Thursday 30 September 2010

The Other Guys; somewhere there's an Other Movie doing an important job

There's a scene about half way through The Other Guys where the eponymous detectives are heading towards a building and it blows up in their faces. They spend the next five minutes flat on their backs bitching and whining about how MUCH that kind of thing stings, and how movies are totally misleading in the way they always show people walking away from huge bangs without even flinching. It's very funny, and the whole movie should have made out of an equal mix of that kind of scene and the opening scenes with the hero detectives. I know that this would have made it very formulaic, but the movie's a comedy about police work, for goodness sake.

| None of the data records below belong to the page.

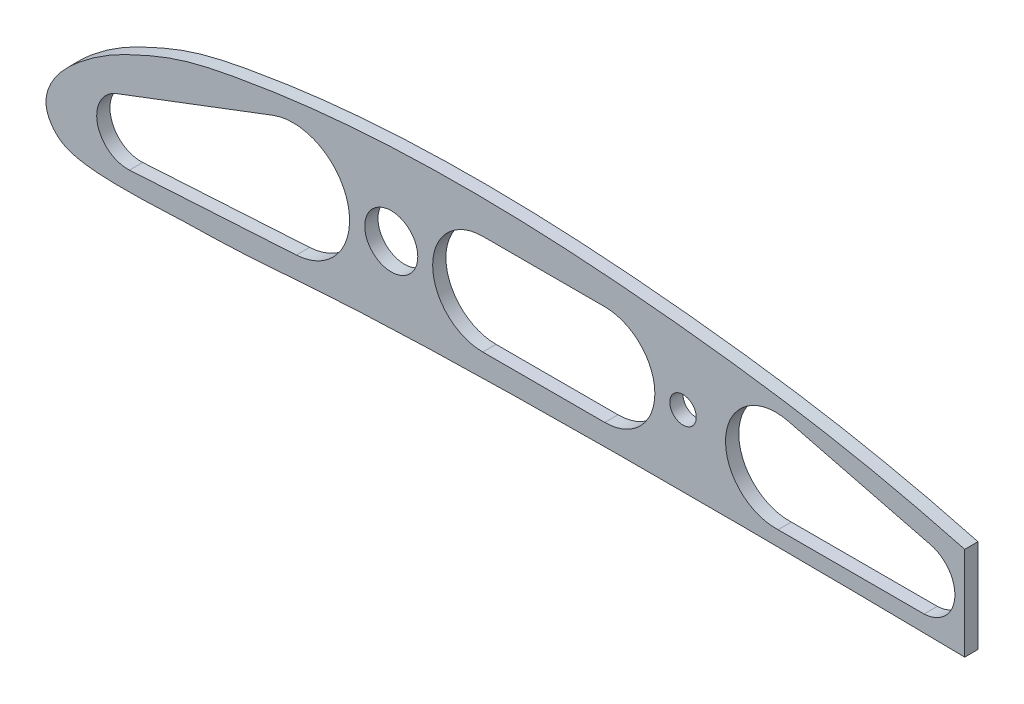
from build123d import *

# Parameters (mm, degrees)
BOSS_EXTRUDE1_DEPTH      = 1.5875
BOSS_EXTRUDE1_DEPTH_BACK = 1.5875
SKETCH1_R                = 6.35
SKETCH1_R_2              = 3.175
CUT_EXTRUDE2_DEPTH       = 41.720661094
CUT_EXTRUDE5_START       = -1.5875
CUT_EXTRUDE5_OUTLINE_R   = 3.175
CUT_EXTRUDE5_DEPTH       = 3.175


# Read off the part's stored shape, not the designer's step: Cut-Extrude5
with BuildPart() as part:
    # Sketch1 → Boss-Extrude1 (new, two sides: drawn at the far end of the back side and taken through both)
    with BuildSketch(Plane.XY.offset(-BOSS_EXTRUDE1_DEPTH_BACK)):
        with BuildLine():
            add(Edge.make_bspline(
                [(304.8, 0), (305.077640245, 0.670235949), (287.206651558, 5.720143468), (270.662795429, 11.397054489), (243.463273842, 19.4859206), (213.747912645, 28.209957225), (183.040246216, 34.676594881), (152.491946525, 38.62898995), (121.966980877, 41.172895409), (91.414928066, 41.723012749), (65.927495496, 40.062013506), (45.625003822, 37.00459991), (32.727710355, 34.352142796), (22.731795616, 30.196529044), (14.907225707, 26.461250588), (8.516283527, 21.964417846), (2.537455581, 16.488464455), (-1.964479894, 8.893906893), (2.841930098, 2.334923028), (8.778829491, 0.629027732), (15.228793663, 0.221834685), (22.863576464, 0.239109806), (33.015631673, 0.788100742), (45.740419078, 0.855312608), (66.018396979, 2.65839435), (91.426578086, 3.794926314), (121.91527013, 4.332217391), (152.40834867, 4.479066808), (182.849810214, 4.269103649), (213.479164171, 4.047670271), (243.430144592, 3.313971789), (270.486497521, 1.370513613), (287.394329759, 1.442404027), (304.536665057, -0.635702313), (304.8, 0)],
                knots=[0, 0, 0, 0, 0.025556044, 0.050960447, 0.101552747, 0.151805438, 0.201252492, 0.250083002, 0.298629141, 0.347026117, 0.395536064, 0.420002519, 0.444885368, 0.457915187, 0.471441031, 0.48620838, 0.494593531, 0.510948222, 0.521394631, 0.527823606, 0.539981828, 0.552079711, 0.564187269, 0.588393921, 0.612648894, 0.661100879, 0.709502089, 0.757894227, 0.806286364, 0.854680317, 0.903093621, 0.951545605, 0.97576072, 1, 1, 1, 1], degree=3))
        make_face()
        with Locations((82.55, 21.412200012)):
            Circle(SKETCH1_R, mode=Mode.SUBTRACT)
        with Locations((152.4, 21.412200012)):
            Circle(SKETCH1_R_2, mode=Mode.SUBTRACT)
        with Locations((228.6, 13.713637845)):
            Circle(SKETCH1_R_2, mode=Mode.SUBTRACT)
    extrude(amount=BOSS_EXTRUDE1_DEPTH + BOSS_EXTRUDE1_DEPTH_BACK)

    # Sketch2 → Cut-Extrude2 (cut)
    with BuildSketch(Plane.XY.offset(1.5875)):
        with BuildLine():
            Line((104.4575, 33.406185449), (133.6675, 33.406185449))
            ThreePointArc((133.6675, 33.406185449), (145.661485437, 21.412200012), (133.6675, 9.418214575))
            Line((133.6675, 9.418214575), (104.4575, 9.418214575))
            ThreePointArc((104.4575, 9.418214575), (92.463514563, 21.412200012), (104.4575, 33.406185449))
        make_face()
        with BuildLine():
            Line((177.575712719, 31.649714976), (211.50265303, 23.10492457))
            ThreePointArc((211.50265303, 23.10492457), (217.464748261, 14.906681868), (210.11714063, 7.923099332))
            Line((210.11714063, 7.923099332), (175.164881599, 7.923099332))
            ThreePointArc((175.164881599, 7.923099332), (162.64237396, 21.181283902), (177.575712719, 31.649714976))
        make_face()
        with BuildLine():
            Line((19.873308784, 4.839729521), (59.832894927, 7.205034233))
            ThreePointArc((59.832894927, 7.205034233), (72.271895733, 23.557037644), (54.225767066, 33.378137212))
            Line((54.225767066, 33.378137212), (16.804181612, 19.165884286))
            ThreePointArc((16.804181612, 19.165884286), (12.188862773, 10.685302551), (19.873308784, 4.839729521))
        make_face()
    extrude(amount=-CUT_EXTRUDE2_DEPTH, mode=Mode.SUBTRACT)

    # Cut-Extrude5 outline → Cut-Extrude5 (cut)
    with BuildSketch(Plane.XY.offset(CUT_EXTRUDE5_START)):
        with BuildLine():
            Line((219.855455248, 26.205464415), (219.855455249, 3.846240006))
            add(Edge.make_bspline(
                [(219.855455249, 3.846240006), (227.764715213, 3.685916393), (245.753664318, 3.147073338), (270.486497521, 1.370513613), (287.394329759, 1.442404027), (313.577956035, -1.731746917), (287.206651558, 5.720143468), (270.662795429, 11.397054489), (245.778264964, 18.797465358), (227.793808174, 24.085330121), (219.855455248, 26.205464415)],
                knots=[0.865078344, 0.865078344, 0.865078344, 0.865078344, 0.903093621, 0.951545605, 0.97576072, 1, 1.025556044, 1.050960447, 1.101552747, 1.141060167, 1.141060167, 1.141060167, 1.141060167], degree=3))
        make_face()
        with Locations((228.6, 13.713637845)):
            Circle(CUT_EXTRUDE5_OUTLINE_R, mode=Mode.SUBTRACT)
    extrude(amount=CUT_EXTRUDE5_DEPTH, mode=Mode.SUBTRACT)


solid = part.part

The opening's a lot of fun too; the movie pretty much had me when Samuel L Jackson's red flashing light gets shot off his muscle car and without even changing expression he reaches down to grab a new one and slap it into place on the roof. The muscle car then embeds itself into a bus, the bus takes up the chase, with the Rock driving the bus and Samuel L for some insane reason still sitting in the driver's seat of the car. While I was scratching my head about that, the Rock K-turns the bus so that the muscle car flies out the other side of the bus with Samuel L at the wheel, somehow steering with his knees while firing with both hands at the bad guys. It's nuts, it's awesome, and I can totally see why the writers kill both characters off shortly afterwards. They're FAR too much fun to watch and far far too expensive to film.

There was a fun movie to be had in the contrast between that kind of high speed lunacy pretending to be police work and what would happen if you put real cops into the same kinds of situation. And I think they set out to make it, before deciding that it would be more interesting to give the ordinary real cops complicated and surprising back stories. Mark Wahlberg gets just enough backstory (the idea that his character learned to do perfect ballet just so he could mock gay kids in class is quick and gives you a great sense of what's wrong with him as a person) but Will Ferrell gets way more than he needs and in fact so much that it gets in the way of the movie. The idea of a police accountant getting involved in lunatic violence is more than enough to be getting on with; he doesn't need to have amazing luck with women or a whole back story as a former pimp.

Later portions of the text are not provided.